Tides, the second LP from hip-hop fusion duo Grand Tapestry, draws its strength from rhythm–not just in the beats it’s built on, but in the push and pull of the sounds that drive it, rooted in contemporary pop and Indian classical music. Four years after their debut, rapper/producer Eligh and sarod player/composer Alam Khan say it was time to take their music to the next level.
“It’s important as artists to keep pushing the boundaries of our respected forms,” they say in a joint statement on the project. “Grand Tapestry aims to go beyond genre into a space of unlabeled creativity and vision.”
To do that, they once again turned to a range of collaborators, including Raaginder on the violin, Kamaljeet Ahluwalia on the santoor, Jay Gandhi on the bansuri, and Colin Brown on the piano. That’s in addition to Khan’s mastery of the sarod–following in the footsteps of his father, the Maestro Ali Akbar Khan, he’s something of a worldwide ambassador for the instrument.
So you can expect virtuosity, and you won’t be disappointed, but Tides also advances the work of Grand Tapestry’s debut with a sharper focus. It’s a shorter, more thoroughly produced track list, scattering sampled sounds of speech, seagulls, and the sea throughout six compositions swimming in atmosphere.
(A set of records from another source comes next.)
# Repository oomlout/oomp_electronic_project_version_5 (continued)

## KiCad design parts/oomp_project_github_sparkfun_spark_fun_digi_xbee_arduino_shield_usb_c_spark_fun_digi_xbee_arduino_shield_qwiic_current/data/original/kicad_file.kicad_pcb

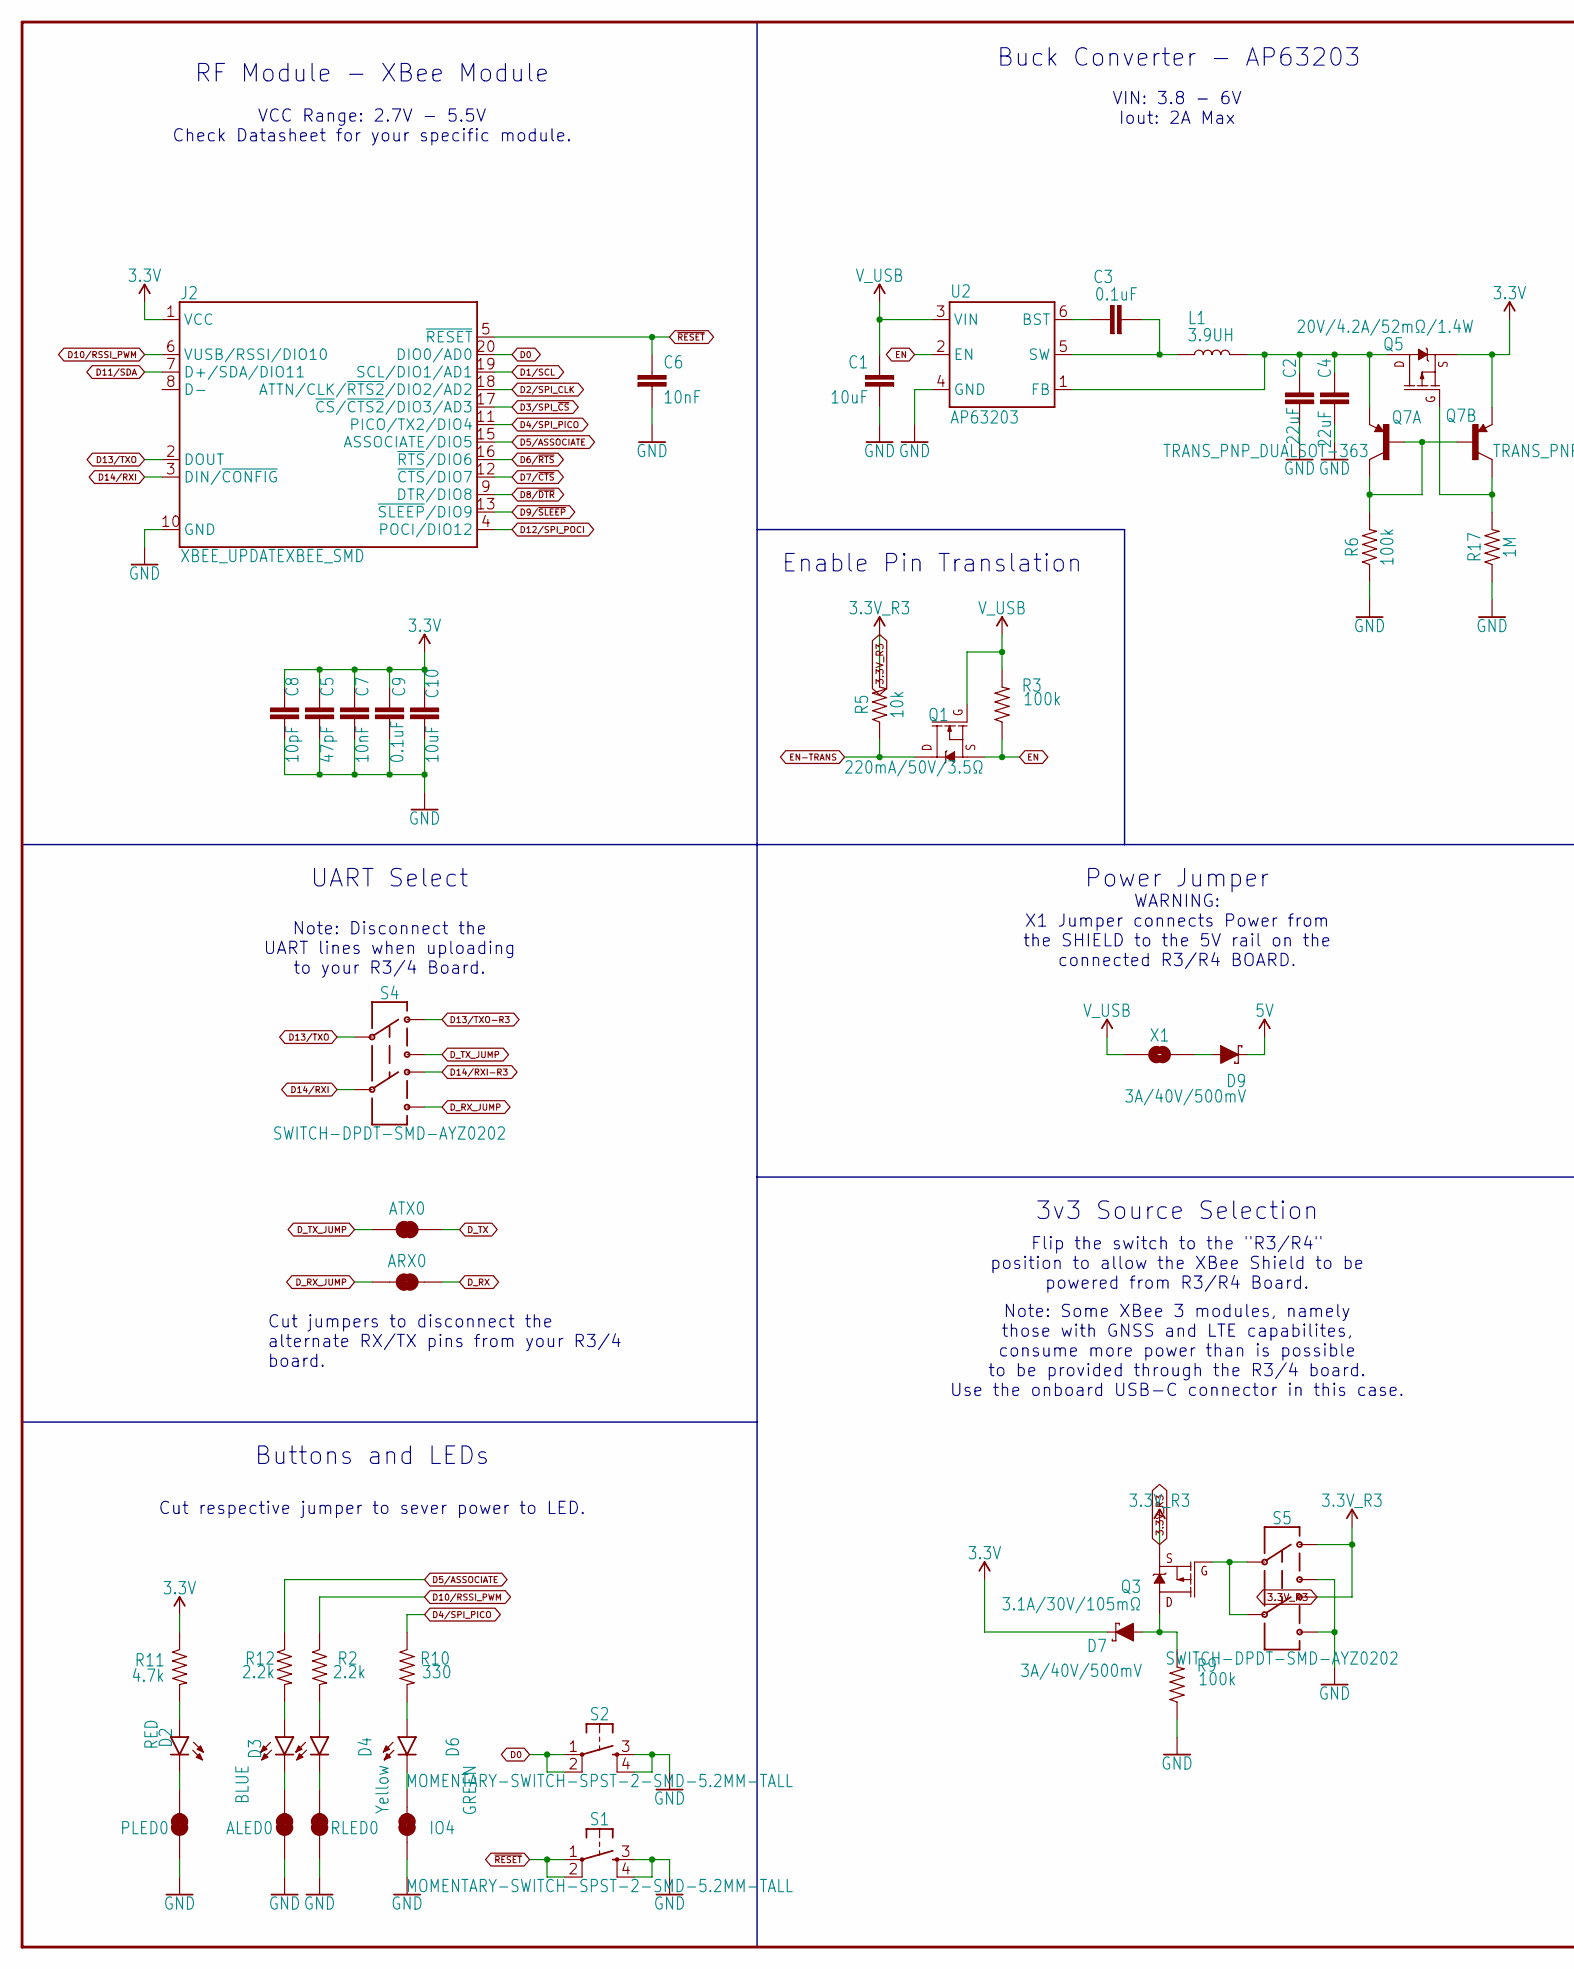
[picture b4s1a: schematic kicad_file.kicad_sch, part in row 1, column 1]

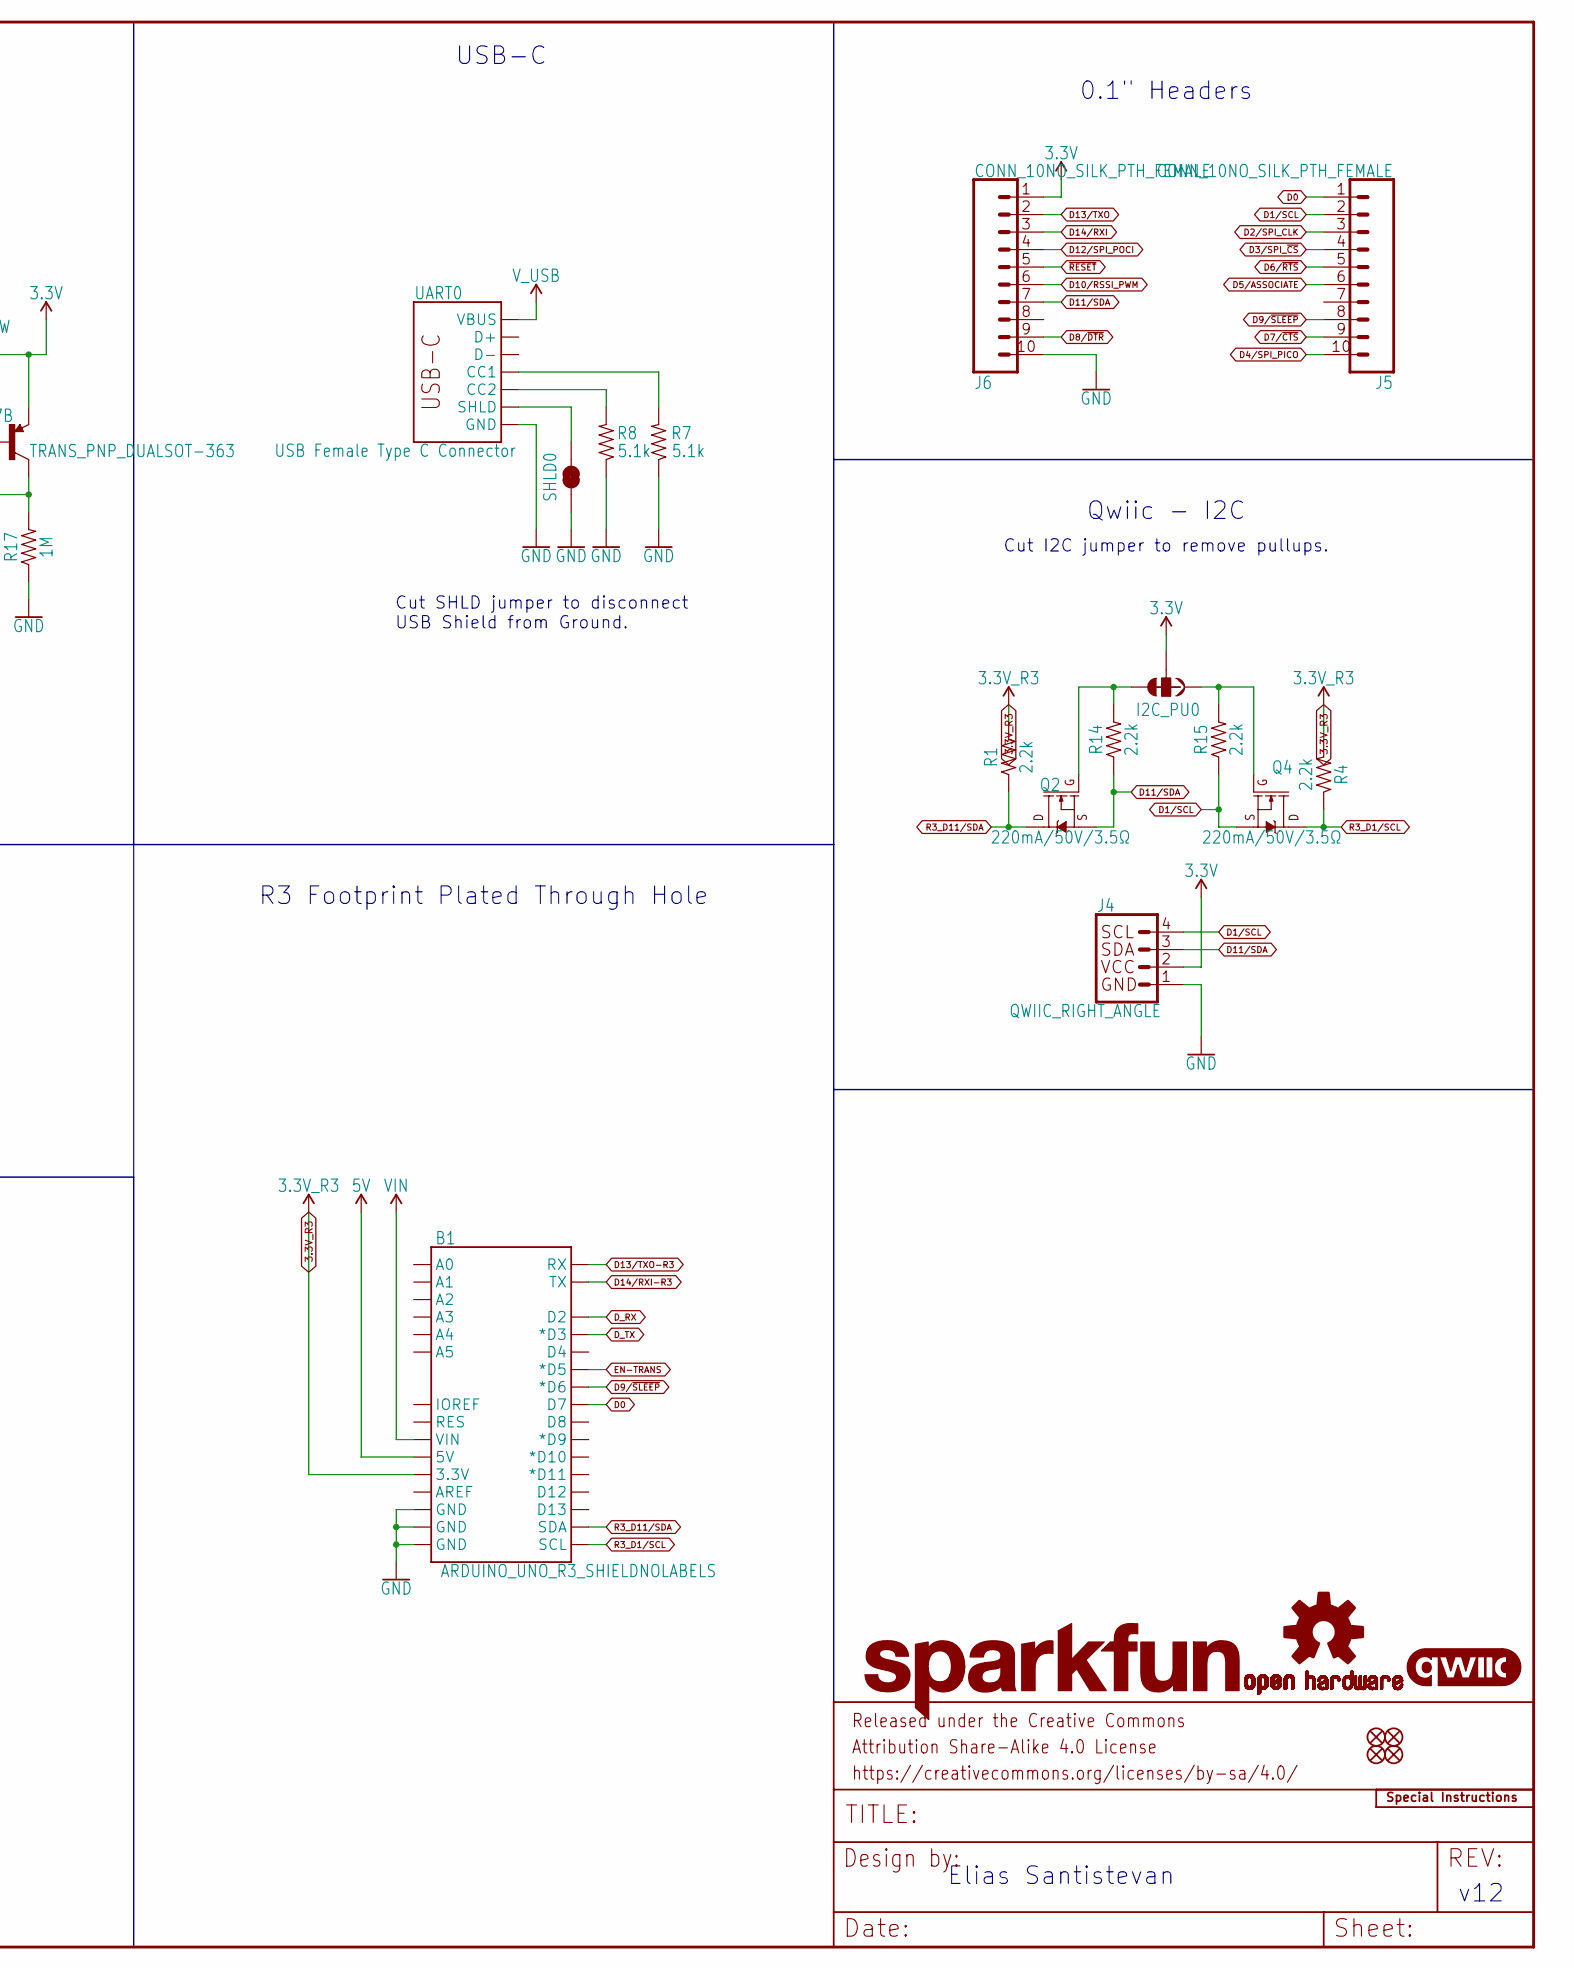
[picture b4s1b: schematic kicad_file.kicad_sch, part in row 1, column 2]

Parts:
ALED0: JUMPER-SMT_2_NC_TRACE_SILK; SMT-JUMPER_2_NC_TRACE_SILK
ARX0: JUMPER-SMT_2_NC_TRACE_SILK; SMT-JUMPER_2_NC_TRACE_SILK
ATX0: JUMPER-SMT_2_NC_TRACE_SILK; SMT-JUMPER_2_NC_TRACE_SILK
B1: ARDUINO_UNO_R3_SHIELDNOLABELS; UNO_R3_SHIELD_NOLABELS
C1: 10uF; 1210
C2, C4: 22uF; 0603
C3, C9: 0.1uF; 0603
C5: 47pF; 0603
C6, C7: 10nF; 0603
C8: 10pF; 0603
C10: 10uF; 0603
D2: RED; LED-0603
D3: BLUE; LED-0603
D4: Yellow; LED-0603
D6: GREEN; LED-0603
D7, D9: 3A/40V/500mV; SMA-DIODE
FD1, FD2, FD3, FD4: FIDUCIAL1X2; FIDUCIAL-1X2
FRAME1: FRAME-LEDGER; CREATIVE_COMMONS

At points, it’s hookier and more beat-forward, leaning harder into pop in the electronic bass and drums of “Seagulls.” On the other end of the spectrum, in the closing “Iman Kalyan (Evening Raga),” it stretches further to the classical side with sarod and piano at center stage. Cycling through each one like the rise and fall of the tide, it’s an album that highlights the best of its component parts, not to mention their shared cosmic potential.